= Benei M. Lamthiu =

Indian politician

Benei M. Lamthiu (born 1983) is an Indian politician from Nagaland. He was elected to the Nagaland Legislative Assembly from the Thonoknyu Assembly constituency, which is reserved for Scheduled Tribes, in Noklak District. He won the 2023 Nagaland Legislative Assembly election, representing the National People's Party.

== Early life and education ==
Lamthiu is from Thonoknyu, Noklak District, Nagaland. He is the son of P. Mongchua. He completed his B.A. in 2006 at a college affiliated with the North Eastern Hill University, Meghalaya. He was formerly in government service.

== Career ==
Lamthiu was elected from the Thonoknyu Assembly constituency representing the National People's Party in the 2023 Nagaland assembly election.
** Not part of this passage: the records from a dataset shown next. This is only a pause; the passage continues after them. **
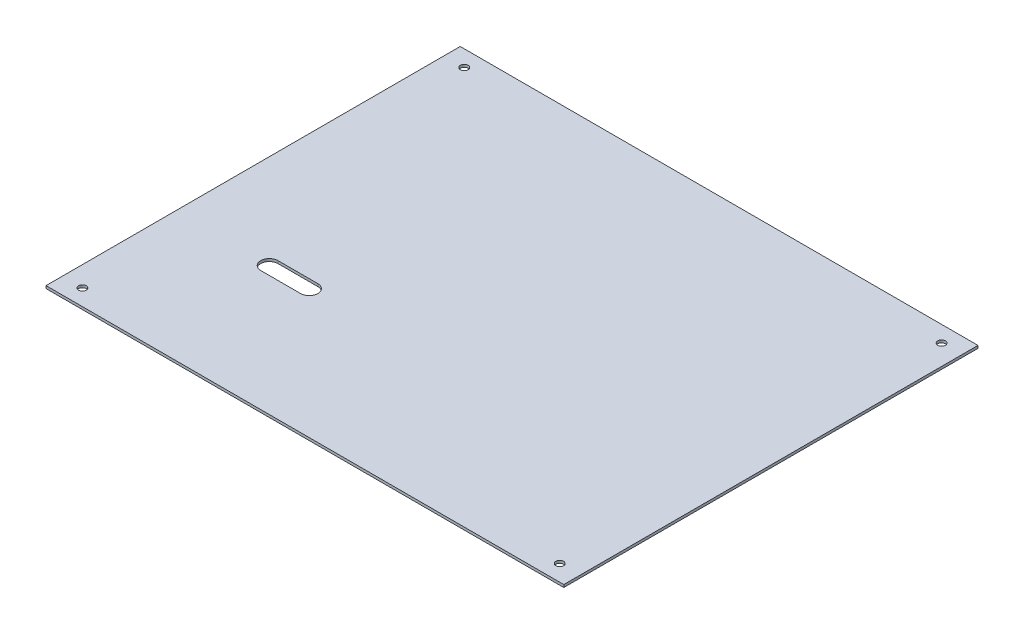
SolidWorks part; units mm, degrees
material "Epoxy, Unfilled"
ref_plane "Front Plane" through (0, 0, 0) normal (0, 0, 1) x (1, 0, 0)
ref_plane "Top Plane" through (0, 0, 0) normal (0, 1, 0) x (1, 0, 0)
ref_plane "Right Plane" through (0, 0, 0) normal (1, 0, 0) x (0, 0, -1)
sketch "Sketch1" plane through (0, 0, 0) normal (0, 1, 0) x (1, 0, 0)
  line L0 (-48.1632, -30.1577) -> (-63.5602, -30.1577) construction
  line L1 (-100, -80) -> (100, -80)
  line L2 (-100, -80) -> (-100, 80)
  line L3 (-100, 80) -> (100, 80)
  line L4 (100, -80) -> (100, 80)
  line L5 (-100, -80) -> (100, 80) construction
  line L6 (-100, 80) -> (100, -80) construction
  line L7 (-48.1632, -33.4797) -> (-63.5602, -33.4797)
  line L8 (-48.1632, -26.8357) -> (-63.5602, -26.8357)
  circle A0 centre (-92.1913, 73.753) radius 1.5
  circle A1 centre (92.1913, 73.753) radius 1.5
  circle A2 centre (92.1913, -73.753) radius 1.5
  circle A3 centre (-92.1913, -73.753) radius 1.5
  arc A4 (-48.1632, -33.4797) -> (-48.1632, -26.8357) centre (-48.1632, -30.1577) ccw
  arc A5 (-63.5602, -26.8357) -> (-63.5602, -33.4797) centre (-63.5602, -30.1577) ccw
  point P0 (0, 0)
  point P16 (-55.8617, -30.1577)
  dimension "D3" = 3
  dimension "D4" = 10
  dimension "D5" = 10
  dimension "D6" = 10
  dimension "D7" = 10
  dimension "D1" = 200
  dimension "D2" = 160
extrude "Boss-Extrude1" add sketch "Sketch1" along normal blind 1

He polled 10,462 votes and defeated his nearest rival and former MLA, S. Heno Khiamniungan of the Nationalist Democratic Progressive Party, by a margin of 2,325 votes. He is a first time MLA . Two time sitting MLA, L. Khumo Khiamniungan, who left the NPP, could only get 47 votes. In the thanksgiving programme after the victory, he assured the people of his constituency that his priority would be the constituency and not the party. He visited the local areas including the Primary Health Centre and the police station and took stock of the situation.